Als een rode draad door het hele proces loopt de weinig opbouwende houding van de leden behorend tot de modaliteit van de Gereformeerde Bond in de Nederlands Hervormde Kerk. Deze houding kwam tot uitdrukking door steeds weer bij verschillende te nemen besluiten die genomen moesten worden, zich te onthouden van stemming of tegen te stemmen. Deze gereformeerde bondsleden wilden geen water bij de wijn doen want alleen zij hadden de ‘waarheid’ in pacht.
Dr.
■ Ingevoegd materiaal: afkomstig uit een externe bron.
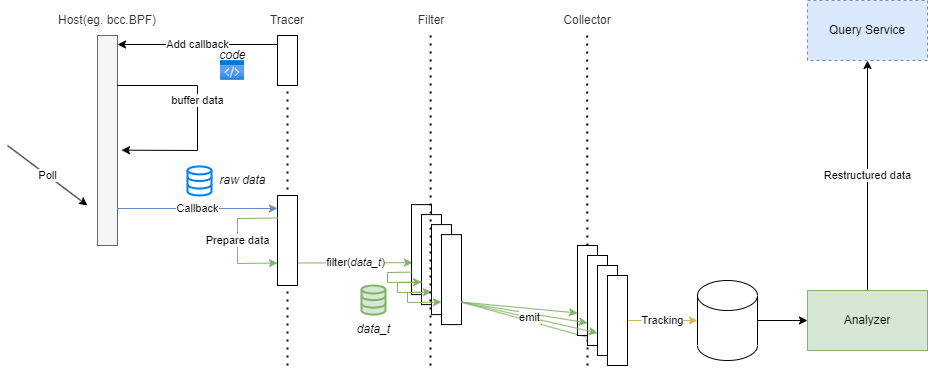

The diagram above was exported from draw.io. Its source (the exported page's mxGraphModel, read from the mxfile embedded in the PNG):
<mxGraphModel dx="986" dy="867" grid="1" gridSize="10" guides="1" tooltips="1" connect="1" arrows="1" fold="1" page="1" pageScale="1" pageWidth="827" pageHeight="1169" math="0" shadow="0">
  <root>
    <mxCell id="0" />
    <mxCell id="1" parent="0" />
    <mxCell id="94" value="" style="endArrow=none;dashed=1;html=1;dashPattern=1 3;strokeWidth=2;rounded=0;entryX=0.5;entryY=1;entryDx=0;entryDy=0;" parent="1" target="68" edge="1">
      <mxGeometry width="50" height="50" relative="1" as="geometry">
        <mxPoint x="350" y="490" as="sourcePoint" />
        <mxPoint x="480" y="380" as="targetPoint" />
      </mxGeometry>
    </mxCell>
    <mxCell id="56" value="" style="rounded=0;whiteSpace=wrap;html=1;fillColor=#f5f5f5;fontColor=#333333;strokeColor=#666666;" parent="1" vertex="1">
      <mxGeometry x="160" y="160" width="20" height="210" as="geometry" />
    </mxCell>
    <mxCell id="65" value="&lt;span style=&quot;color: rgb(51, 51, 51);&quot;&gt;Host(eg. bcc.BPF)&lt;/span&gt;" style="text;html=1;strokeColor=none;fillColor=none;align=center;verticalAlign=middle;whiteSpace=wrap;rounded=0;" parent="1" vertex="1">
      <mxGeometry x="100" y="130" width="140" height="30" as="geometry" />
    </mxCell>
    <mxCell id="68" value="&lt;span style=&quot;color: rgb(51, 51, 51);&quot;&gt;Tracer&lt;/span&gt;" style="text;html=1;strokeColor=none;fillColor=none;align=center;verticalAlign=middle;whiteSpace=wrap;rounded=0;" parent="1" vertex="1">
      <mxGeometry x="280" y="130" width="140" height="30" as="geometry" />
    </mxCell>
    <mxCell id="69" value="" style="rounded=0;whiteSpace=wrap;html=1;" parent="1" vertex="1">
      <mxGeometry x="340" y="160" width="20" height="50" as="geometry" />
    </mxCell>
    <mxCell id="70" value="Add callback" style="endArrow=classic;html=1;" parent="1" edge="1">
      <mxGeometry width="50" height="50" relative="1" as="geometry">
        <mxPoint x="340" y="169" as="sourcePoint" />
        <mxPoint x="180" y="169" as="targetPoint" />
      </mxGeometry>
    </mxCell>
    <mxCell id="72" value="" style="aspect=fixed;html=1;points=[];align=center;image;fontSize=12;image=img/lib/azure2/general/Code.svg;labelBackgroundColor=#ffffff;" parent="1" vertex="1">
      <mxGeometry x="282.69" y="185" width="24.62" height="20" as="geometry" />
    </mxCell>
    <mxCell id="74" value="buffer data" style="endArrow=none;html=1;exitX=1.2;exitY=0.546;exitDx=0;exitDy=0;exitPerimeter=0;rounded=0;startArrow=classic;startFill=1;endFill=0;" parent="1" source="56" edge="1">
      <mxGeometry width="50" height="50" relative="1" as="geometry">
        <mxPoint x="341.83999999999986" y="210" as="sourcePoint" />
        <mxPoint x="210" y="210" as="targetPoint" />
        <Array as="points">
          <mxPoint x="260" y="275" />
          <mxPoint x="260" y="210" />
          <mxPoint x="180" y="210" />
        </Array>
      </mxGeometry>
    </mxCell>
    <mxCell id="85" value="filter(&lt;i&gt;data_t&lt;/i&gt;)" style="edgeStyle=none;rounded=0;html=1;exitX=1;exitY=0.75;exitDx=0;exitDy=0;entryX=0.05;entryY=0.645;entryDx=0;entryDy=0;entryPerimeter=0;startArrow=none;startFill=0;endArrow=classic;endFill=1;fillColor=#d5e8d4;strokeColor=#82b366;" parent="1" source="76" target="84" edge="1">
      <mxGeometry relative="1" as="geometry" />
    </mxCell>
    <mxCell id="76" value="" style="rounded=0;whiteSpace=wrap;html=1;" parent="1" vertex="1">
      <mxGeometry x="340" y="320" width="20" height="90" as="geometry" />
    </mxCell>
    <mxCell id="75" value="Callback" style="endArrow=none;html=1;startArrow=classic;startFill=1;endFill=0;fillColor=#dae8fc;strokeColor=#6c8ebf;" parent="1" edge="1">
      <mxGeometry width="50" height="50" relative="1" as="geometry">
        <mxPoint x="340" y="333" as="sourcePoint" />
        <mxPoint x="180" y="333" as="targetPoint" />
      </mxGeometry>
    </mxCell>
    <mxCell id="77" value="Prepare data" style="endArrow=none;html=1;entryX=0;entryY=0.25;entryDx=0;entryDy=0;exitX=0;exitY=0.75;exitDx=0;exitDy=0;rounded=0;startArrow=classic;startFill=1;endFill=0;fillColor=#d5e8d4;strokeColor=#82b366;" parent="1" source="76" target="76" edge="1">
      <mxGeometry width="50" height="50" relative="1" as="geometry">
        <mxPoint x="222.78" y="444.73" as="sourcePoint" />
        <mxPoint x="224.16" y="380.05000000000007" as="targetPoint" />
        <Array as="points">
          <mxPoint x="300" y="388" />
          <mxPoint x="300" y="343" />
        </Array>
      </mxGeometry>
    </mxCell>
    <mxCell id="78" value="&lt;span style=&quot;color: rgb(51, 51, 51);&quot;&gt;Filter&lt;/span&gt;" style="text;html=1;strokeColor=none;fillColor=none;align=center;verticalAlign=middle;whiteSpace=wrap;rounded=0;" parent="1" vertex="1">
      <mxGeometry x="424" y="130" width="140" height="30" as="geometry" />
    </mxCell>
    <mxCell id="79" value="&lt;span style=&quot;color: rgb(51, 51, 51);&quot;&gt;Collector&lt;/span&gt;" style="text;html=1;strokeColor=none;fillColor=none;align=center;verticalAlign=middle;whiteSpace=wrap;rounded=0;" parent="1" vertex="1">
      <mxGeometry x="580" y="130" width="140" height="30" as="geometry" />
    </mxCell>
    <mxCell id="80" value="" style="html=1;verticalLabelPosition=bottom;align=center;labelBackgroundColor=#ffffff;verticalAlign=top;strokeWidth=2;strokeColor=#0080F0;shadow=0;dashed=0;shape=mxgraph.ios7.icons.data;" parent="1" vertex="1">
      <mxGeometry x="250" y="290.9" width="24" height="29.099999999999998" as="geometry" />
    </mxCell>
    <mxCell id="81" value="raw data" style="text;html=1;align=center;verticalAlign=middle;resizable=0;points=[];autosize=1;strokeColor=none;fillColor=none;fontStyle=2" parent="1" vertex="1">
      <mxGeometry x="270" y="290" width="70" height="30" as="geometry" />
    </mxCell>
    <mxCell id="82" value="" style="html=1;verticalLabelPosition=bottom;align=center;labelBackgroundColor=#ffffff;verticalAlign=top;strokeWidth=2;strokeColor=#82b366;shadow=0;dashed=0;shape=mxgraph.ios7.icons.data;fillColor=#d5e8d4;" parent="1" vertex="1">
      <mxGeometry x="424" y="410" width="24" height="29.099999999999998" as="geometry" />
    </mxCell>
    <mxCell id="83" value="data_t" style="text;html=1;align=center;verticalAlign=middle;resizable=0;points=[];autosize=1;strokeColor=none;fillColor=none;fontStyle=2" parent="1" vertex="1">
      <mxGeometry x="406" y="439.1" width="60" height="30" as="geometry" />
    </mxCell>
    <mxCell id="84" value="" style="rounded=0;whiteSpace=wrap;html=1;" parent="1" vertex="1">
      <mxGeometry x="474" y="329.1" width="20" height="90" as="geometry" />
    </mxCell>
    <mxCell id="86" value="" style="rounded=0;whiteSpace=wrap;html=1;" parent="1" vertex="1">
      <mxGeometry x="484" y="339.1" width="20" height="90" as="geometry" />
    </mxCell>
    <mxCell id="87" value="" style="rounded=0;whiteSpace=wrap;html=1;" parent="1" vertex="1">
      <mxGeometry x="494" y="349.1" width="20" height="90" as="geometry" />
    </mxCell>
    <mxCell id="101" style="edgeStyle=none;rounded=0;html=1;exitX=1;exitY=0.75;exitDx=0;exitDy=0;entryX=0;entryY=0.75;entryDx=0;entryDy=0;startArrow=none;startFill=0;endArrow=classic;endFill=1;fillColor=#d5e8d4;strokeColor=#82b366;" parent="1" source="88" target="97" edge="1">
      <mxGeometry relative="1" as="geometry" />
    </mxCell>
    <mxCell id="106" style="edgeStyle=none;rounded=0;html=1;exitX=1;exitY=0.75;exitDx=0;exitDy=0;entryX=0;entryY=0.75;entryDx=0;entryDy=0;startArrow=none;startFill=0;endArrow=classic;endFill=1;fillColor=#d5e8d4;strokeColor=#82b366;" parent="1" source="88" target="100" edge="1">
      <mxGeometry relative="1" as="geometry" />
    </mxCell>
    <mxCell id="88" value="" style="rounded=0;whiteSpace=wrap;html=1;" parent="1" vertex="1">
      <mxGeometry x="504" y="359.1" width="20" height="90" as="geometry" />
    </mxCell>
    <mxCell id="89" style="edgeStyle=none;rounded=0;html=1;exitX=0;exitY=0.75;exitDx=0;exitDy=0;entryX=0;entryY=0.75;entryDx=0;entryDy=0;startArrow=none;startFill=0;endArrow=classic;endFill=1;fillColor=#d5e8d4;strokeColor=#82b366;" parent="1" source="84" target="86" edge="1">
      <mxGeometry relative="1" as="geometry">
        <mxPoint x="368.9999999999999" y="429.45" as="sourcePoint" />
        <mxPoint x="484.0000000000001" y="429.09999999999985" as="targetPoint" />
        <Array as="points">
          <mxPoint x="450" y="397" />
          <mxPoint x="450" y="407" />
        </Array>
      </mxGeometry>
    </mxCell>
    <mxCell id="90" style="edgeStyle=none;rounded=0;html=1;exitX=0;exitY=0.75;exitDx=0;exitDy=0;entryX=0;entryY=0.75;entryDx=0;entryDy=0;startArrow=none;startFill=0;endArrow=classic;endFill=1;fillColor=#d5e8d4;strokeColor=#82b366;" parent="1" edge="1">
      <mxGeometry relative="1" as="geometry">
        <mxPoint x="484.0000000000001" y="406.5999999999999" as="sourcePoint" />
        <mxPoint x="494.0000000000001" y="416.5999999999999" as="targetPoint" />
        <Array as="points">
          <mxPoint x="460" y="407" />
          <mxPoint x="460" y="417" />
        </Array>
      </mxGeometry>
    </mxCell>
    <mxCell id="91" style="edgeStyle=none;rounded=0;html=1;exitX=0;exitY=0.75;exitDx=0;exitDy=0;entryX=0;entryY=0.75;entryDx=0;entryDy=0;startArrow=none;startFill=0;endArrow=classic;endFill=1;fillColor=#d5e8d4;strokeColor=#82b366;" parent="1" edge="1">
      <mxGeometry relative="1" as="geometry">
        <mxPoint x="494.0000000000001" y="416.5999999999999" as="sourcePoint" />
        <mxPoint x="504.0000000000001" y="426.5999999999999" as="targetPoint" />
        <Array as="points">
          <mxPoint x="470" y="417" />
          <mxPoint x="470" y="427" />
        </Array>
      </mxGeometry>
    </mxCell>
    <mxCell id="93" value="code" style="text;html=1;align=center;verticalAlign=middle;resizable=0;points=[];autosize=1;strokeColor=none;fillColor=none;fontStyle=2" parent="1" vertex="1">
      <mxGeometry x="270" y="165" width="50" height="30" as="geometry" />
    </mxCell>
    <mxCell id="95" value="" style="endArrow=none;dashed=1;html=1;dashPattern=1 3;strokeWidth=2;rounded=0;entryX=0.5;entryY=1;entryDx=0;entryDy=0;" parent="1" edge="1">
      <mxGeometry width="50" height="50" relative="1" as="geometry">
        <mxPoint x="493" y="490" as="sourcePoint" />
        <mxPoint x="493.16999999999996" y="159.1" as="targetPoint" />
      </mxGeometry>
    </mxCell>
    <mxCell id="96" value="" style="endArrow=none;dashed=1;html=1;dashPattern=1 3;strokeWidth=2;rounded=0;entryX=0.5;entryY=1;entryDx=0;entryDy=0;" parent="1" edge="1">
      <mxGeometry width="50" height="50" relative="1" as="geometry">
        <mxPoint x="650" y="490" as="sourcePoint" />
        <mxPoint x="649.5799999999999" y="159.1" as="targetPoint" />
      </mxGeometry>
    </mxCell>
    <mxCell id="97" value="" style="rounded=0;whiteSpace=wrap;html=1;" parent="1" vertex="1">
      <mxGeometry x="640" y="370" width="20" height="90" as="geometry" />
    </mxCell>
    <mxCell id="98" value="" style="rounded=0;whiteSpace=wrap;html=1;" parent="1" vertex="1">
      <mxGeometry x="650" y="380" width="20" height="90" as="geometry" />
    </mxCell>
    <mxCell id="99" value="" style="rounded=0;whiteSpace=wrap;html=1;" parent="1" vertex="1">
      <mxGeometry x="660" y="390" width="20" height="90" as="geometry" />
    </mxCell>
    <mxCell id="108" value="Tracking" style="edgeStyle=none;rounded=0;html=1;exitX=1;exitY=0.5;exitDx=0;exitDy=0;entryX=0;entryY=0.5;entryDx=0;entryDy=0;entryPerimeter=0;startArrow=none;startFill=0;endArrow=classic;endFill=1;fillColor=#fff2cc;strokeColor=#d6b656;" parent="1" source="100" target="107" edge="1">
      <mxGeometry relative="1" as="geometry" />
    </mxCell>
    <mxCell id="100" value="" style="rounded=0;whiteSpace=wrap;html=1;" parent="1" vertex="1">
      <mxGeometry x="670" y="400" width="20" height="90" as="geometry" />
    </mxCell>
    <mxCell id="102" style="edgeStyle=none;rounded=0;html=1;exitX=1;exitY=0.75;exitDx=0;exitDy=0;entryX=0;entryY=0.75;entryDx=0;entryDy=0;startArrow=none;startFill=0;endArrow=classic;endFill=1;fillColor=#d5e8d4;strokeColor=#82b366;" parent="1" source="88" target="98" edge="1">
      <mxGeometry relative="1" as="geometry" />
    </mxCell>
    <mxCell id="105" value="emit" style="edgeStyle=none;rounded=0;html=1;exitX=1;exitY=0.75;exitDx=0;exitDy=0;entryX=0;entryY=0.75;entryDx=0;entryDy=0;startArrow=none;startFill=0;endArrow=classic;endFill=1;fillColor=#d5e8d4;strokeColor=#82b366;" parent="1" source="88" target="99" edge="1">
      <mxGeometry relative="1" as="geometry" />
    </mxCell>
    <mxCell id="113" value="" style="edgeStyle=none;html=1;" edge="1" parent="1" source="107" target="112">
      <mxGeometry relative="1" as="geometry" />
    </mxCell>
    <mxCell id="107" value="" style="shape=cylinder3;whiteSpace=wrap;html=1;boundedLbl=1;backgroundOutline=1;size=15;labelBackgroundColor=#ffffff;" parent="1" vertex="1">
      <mxGeometry x="760" y="405" width="60" height="80" as="geometry" />
    </mxCell>
    <mxCell id="111" value="Poll" style="endArrow=classic;html=1;rounded=0;" parent="1" edge="1">
      <mxGeometry width="50" height="50" relative="1" as="geometry">
        <mxPoint x="70" y="270" as="sourcePoint" />
        <mxPoint x="150" y="330" as="targetPoint" />
      </mxGeometry>
    </mxCell>
    <mxCell id="115" value="Restructured data" style="edgeStyle=none;html=1;" edge="1" parent="1" source="112" target="114">
      <mxGeometry relative="1" as="geometry" />
    </mxCell>
    <mxCell id="112" value="Analyzer" style="rounded=0;whiteSpace=wrap;html=1;fillColor=#d5e8d4;strokeColor=#82b366;" vertex="1" parent="1">
      <mxGeometry x="870" y="415" width="120" height="60" as="geometry" />
    </mxCell>
    <mxCell id="114" value="Query Service" style="whiteSpace=wrap;html=1;rounded=0;fillColor=#dae8fc;strokeColor=#6c8ebf;dashed=1;" vertex="1" parent="1">
      <mxGeometry x="870" y="125" width="120" height="60" as="geometry" />
    </mxCell>
  </root>
</mxGraphModel>

Koolhaas een lichte bonder, kenschetste de gereformeerde bonders in een gesprek met een Trouwredacteur aldus: “De gereformeerde bonder loopt graag een beetje achter”, terwijl hij wees op zijn wijde broekspijpen die helemaal uit de mode waren. “Als de mode nu weer wijde broekspijpen voorschrijft, dan gaan wij weer smalle broekspijpen dragen”, zei hij lachend.
Het proces was soms zo verziekt dat de voorzitter van de raad van deputaten opmerkte: “Drukdoenerij rondom een herenigingsproces van enkele kleine kerkgenootschappen in een al even klein land”. Volgens de hervormde predikant Jansen Schoonhoven was het samen op weg proces een ‘knutselproces’ geworden, waarin zich niet zozeer de geest van God als wel die van de kruidenier openbaarde.
Maar toch kon na ruim veertig jaar, op 1 mei 2004, de hereniging gevierd worden. Helaas verlieten zowel Gereformeerden als Hervormden de nieuwe kerk en stichtten een eigen kerkgenootschap zoals bijvoorbeeld de Hersteld Hervormden.
Deel II
Deel twee van het boekwerkje bestaat uit een aantal zelfstandige thema's.
In thema I komt de ontwikkeling van de liturgie aan bod, met name de rol van het orgel en de verschillende liedbundels. De gemeente steunde tijdens het zingen zo erg op het orgel dat het de dichter/schrijver en secretaris van Willem van Oranje de opmerking ontlokte: “Inderdaad, het laet sich onder ons veeltijds aenhoren, als ofter meer gehuijlt oft geschreeuwt dan menscheliek gesongen werde”.
Thema II worden de landelijke ontwikkelingen behandeld zoals: kinderen aan het avondmaal; de vrouw in het ambt en de inzegening van alternatieve relaties.
Thema III in dit thema wordt de zending en diaconie behandeld zowel het ontstaan als de huidige stand van zaken.
Thema IV jeugdpastoraat
Thema V Geldwerving door het ophalen van oud-papier en speciale verkoopdagen.
Als bijlage is toegevoegd de oproep van de ‘achttien’ in 1961, het SoW proces in jaartallen, een stroomdiagram van de kerkelijke ontwikkelingen sinds 1816 en als laatste de predikanten van de Voorhof gemeente.
Het boekwerkje is te verkrijgen bij Mevrouw van Lingen-Veenvliet en Wim de Bruijn en kost 5 euro.